Understanding Luck: What It Is and How to Control It

Luck is quite an interesting concept. When we look at ancient man, and the cultural traditions that developed within ancient societies, we can easily understand why the concept of luck played such an important role in early societies. Early rains and an abundant harvest might be easily explained by today’s current meteorological understanding, but to ancient civilizations it was seen as good luck or fortune sent from the gods and goddesses on high. Likewise, a drought or other natural disaster often was attributed to bad luck.

Nowadays we have a better understanding of the science of luck beyond superstition, and can correctly equate what is and what isn’t affected by the hand of chance–but this hasn’t kept people from losing millions on roulette wheels in Las Vegas, or on video slot machines and other lotteries around the rest of the world. It also hasn’t stopped young dreamers from pursuing unlikely ambitions, even though, statistically, they don’t stand a chance of ever “breaking through” to a mainstream market or “making it” as a professional in their field.

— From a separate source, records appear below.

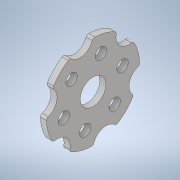
# Autodesk Inventor part: Flex_Giubo_V1
Saved by Autodesk Inventor 2021 (Build 250183000, 183)
## iProperties
Created: 2020-10-13
Part Number: Flex_Giubo_V1
Material: Generic
Document SubType Name: Modeling
Designer: PhotonUser
Density: 1 g/cm^3
Appearance: Default
Author: PhotonUser
Autodesk Inventor part; units mm, degrees
ref_plane "YZ Plane" through (0, 0, 0) normal (1, 0, 0) x (0, 1, 0)
ref_plane "XZ Plane" through (0, 0, 0) normal (0, 1, 0) x (-1, 0, 0)
ref_plane "XY Plane" through (0, 0, 0) normal (0, 0, 1) x (1, 0, 0)
sketch "Sketch1" plane through (0, 0, 0) normal (1, 0, 0) x (0, 1, 0)
  circle A0 centre (0, 0) radius 57.3659
  circle A1 centre (0, 0) radius 37.4904
  circle A2 centre (26.5097, 26.5097) radius 6.985
  line L0 (0, 0) -> (26.5097, 26.5097)
  line L1 (0, 0) -> (37.4904, 0) construction
  circle A3 centre (-9.7032, 36.2129) radius 6.985
  circle A4 centre (-36.2129, 9.7032) radius 6.985
  circle A5 centre (-26.5097, -26.5097) radius 6.985
  circle A6 centre (9.7032, -36.2129) radius 6.985
  circle A7 centre (36.2129, -9.7032) radius 6.985
  circle A8 centre (0, 0) radius 15.875
  circle A9 centre (60.1365, 16.1135) radius 15.875
  line L2 (0, 0) -> (62.2818, 0) construction
  line L3 (0, 0) -> (54.4204, 0) construction
  line L4 (0, 0) -> (47.0027, 0) construction
  line L5 (0, 0) -> (74.4134, 19.939)
  line L6 (0, 0) -> (77.0384, 0) construction
  circle A10 centre (0, 0) radius 15.875
  circle A11 centre (16.1135, 60.1365) radius 15.875
  circle A12 centre (0, 0) radius 15.875
  circle A13 centre (-44.023, 44.023) radius 15.875
  circle A14 centre (0, 0) radius 15.875
  circle A15 centre (-60.1365, -16.1135) radius 15.875
  circle A16 centre (0, 0) radius 15.875
  circle A17 centre (-16.1135, -60.1365) radius 15.875
  circle A18 centre (0, 0) radius 15.875
  circle A19 centre (44.023, -44.023) radius 15.875
  point P0 (36.2129, 9.7032)
  point P1 (49.9198, 28.264)
  point P2 (28.264, 49.9198)
  point P3 (0.4825, 57.3639)
  point P4 (-29.0998, 49.4373)
  point P5 (-49.4373, 29.0998)
  point P6 (-57.3639, -0.4825)
  point P7 (-49.9198, -28.264)
  point P8 (-28.264, -49.9198)
  point P9 (-0.4825, -57.3639)
  point P10 (29.0998, -49.4373)
  point P11 (49.4373, -29.0998)
  point P12 (57.3639, 0.4825)
  dimension "d0" = 114.7318
  dimension "d1" = 74.9808
  dimension "d2" = 13.97
  dimension "d3" = 45
  dimension "d6" = 360
  dimension "d8" = 31.75
  dimension "d12" = 31.75
  dimension "d16" = 15
  dimension "d19" = 360
  constraints: 20 centre point, 14 end point, 5 horizontal, 2 coincident, 2 equal length, 2 point on circle, 1 point on line, 38 other
  measures "d0" diameter of A0
  measures "d1" diameter of A1
  measures "d2" diameter of A2
  measures "d3" angle of L1 L0
  measures "d8" diameter of A8
  measures "d12" diameter of A9
  measures "d16" angle of L6 L5
extrude "Extrusion1" add sketch "Sketch1" along normal blind 7.5184 contours A0 A19 A17 A15 A13 A11 A9 | A1 A7 A6 A5 A4 A3 A2 L0 A8 L5 | L5 A8 L0 A2 A1
fillet "Fillet1" radius 3.175 12 edges at (3.7592, 57.3639, 0.4825) (3.7592, 49.9198, 28.264) (3.7592, 29.0998, -49.4373) (3.7592, 49.4373, -29.0998) (3.7592, -0.4825, -57.3639) (3.7592, -28.264, -49.9198) (3.7592, -49.9198, -28.264) (3.7592, -57.3639, -0.4825) (3.7592, -49.4373, 29.0998) (3.7592, -29.0998, 49.4373) (3.7592, 0.4825, 57.3639) (3.7592, 28.264, 49.9198)
body "Solid1"

The beauty of luck is that whether or not we believe in it, everybody generally understands it as a concept, and many can recount their own experiences with it, either positive or negative. So what exactly is luck, in scientific terms? And how (if at all) can somebody control it?

What is Luck?

    Roman Goddess Fortuna, also known as “Lady Luck”

    According to Wikipedia, the definition of luck “varies by the philosophical, religious, mystical, and emotional context of the one interpreting it.” What this means, basically, is that some people think luck refers to completely random circumstances, as seen in the Oxford Dictionary definition of the term: “success or failure apparently brought by chance rather than through one’s own actions.”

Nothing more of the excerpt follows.